Está bom de ver que estes flavienses não surgiram no deserto. Outros houve que, no mesmo ambiente, desenvolveram semelhantes capacidades e as mesmas qualidades de carácter, traduzidas em vidas dignas e obras meritórias. Não se pode estranhar que estejam entretanto largamente esquecidos. Tanto nos indivíduos como nas sociedades, o esquecimento é uma parte do processo natural de adaptação a circunstâncias novas. O silêncio quase absoluto de hoje a seu respeito é, afinal, um sinal pungente de como essas circunstâncias mudaram dramaticamente. Se hoje, entretanto, mantemos admiração por esses nossos maiores, é porque reconhecemos neles qualidades que continuamos a valorizar. E assim, parece claro o proveito que haverá no conhecimento mais detalhado de tais figuras. Seremos com certeza capazes de compreender melhor quem somos e quem queremos ser se pudermos lembrar o que foram e o que fizeram e qual o exemplo que nos deixaram homens como o Capitão Gastão Sousa Dias.
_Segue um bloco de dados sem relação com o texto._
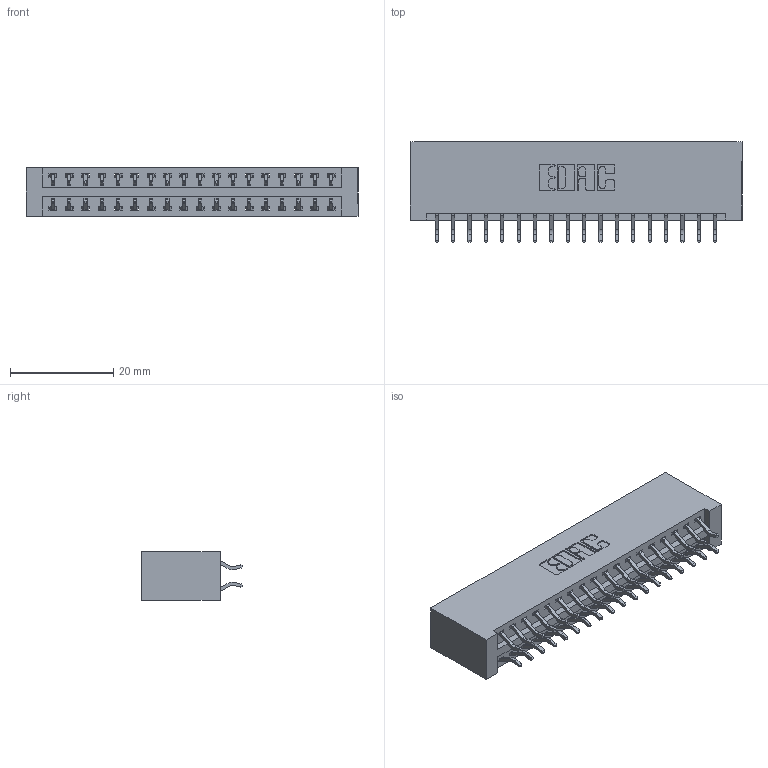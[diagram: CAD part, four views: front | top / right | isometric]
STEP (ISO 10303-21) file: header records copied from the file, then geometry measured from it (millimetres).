
FILE_DESCRIPTION (( 'STEP AP203' ), '1' );
FILE_NAME ('346-036-556-201.STEP', '2022-05-19T22:04:28', ( '' ), ( '' ), 'SwSTEP 2.0', 'SolidWorks 2020', '' );
FILE_SCHEMA (( 'CONFIG_CONTROL_DESIGN' ));
Length unit declared in the file: inch
Products named in the file (3): 345-292-001_556 Tail; 346-036-556-201; 346 Part_No Mounting Lugs
Assembly tree (37 placements, depth 2):
  346-036-556-201
    346 Part_No Mounting Lugs
    345-292-001_556 Tail  x36
Bounding box: 64.39 x 19.57 x 9.4 mm (x, y, z)
Volume: 6664.2 mm3; surface area: 8912.9 mm2
Topology: 37 solids, 37 shells, 2202 faces, 6533 edges, 4306 vertices
Faces by surface type: plane 1476, cylinder 726
Entity records: 14921 total; most frequent: CARTESIAN_POINT 2504, ORIENTED_EDGE 2426, DIRECTION 2241, EDGE_CURVE 1213, VECTOR 1009, LINE 1009, VERTEX_POINT 806, AXIS2_PLACEMENT_3D 616

Gastão Sousa Dias foi um militar, professor e publicista que se distinguiu sobretudo pela sua intervenção cívica no período entre a instauração da República em Portugal e o ano da sua morte, em 1954. Foi uma das figuras mais destacadas na sociedade flaviense da Primeira República, que defendeu como militar, como jornalista e como pedagogo. Em 1923 foi para Angola, onde, a par de Bento Esteves Roma (Chaves, 1884 – Lisboa, 1953), Monsenhor Manuel Alves da Cunha (Chaves, 1872 – Luanda, 1947) ou José Agapito Montalvão da Silva Carvalho (Chaves, 1897 – Lisboa, 1957), foi um dos magníficos flavienses que tiveram em mãos grande parte dos destinos daquela antiga colónia portuguesa.
  



Todos os factos apresentados neste esboço biográfico podem ser comprovados documentalmente. Não se trata, no entanto, dum estudo de História. Pretende ser, apenas, uma forma de divulgação dum flaviense insigne, ao mesmo tempo que são apresentados alguns elementos que permitam uma melhor compreensão da sua obra e do seu percurso de vida.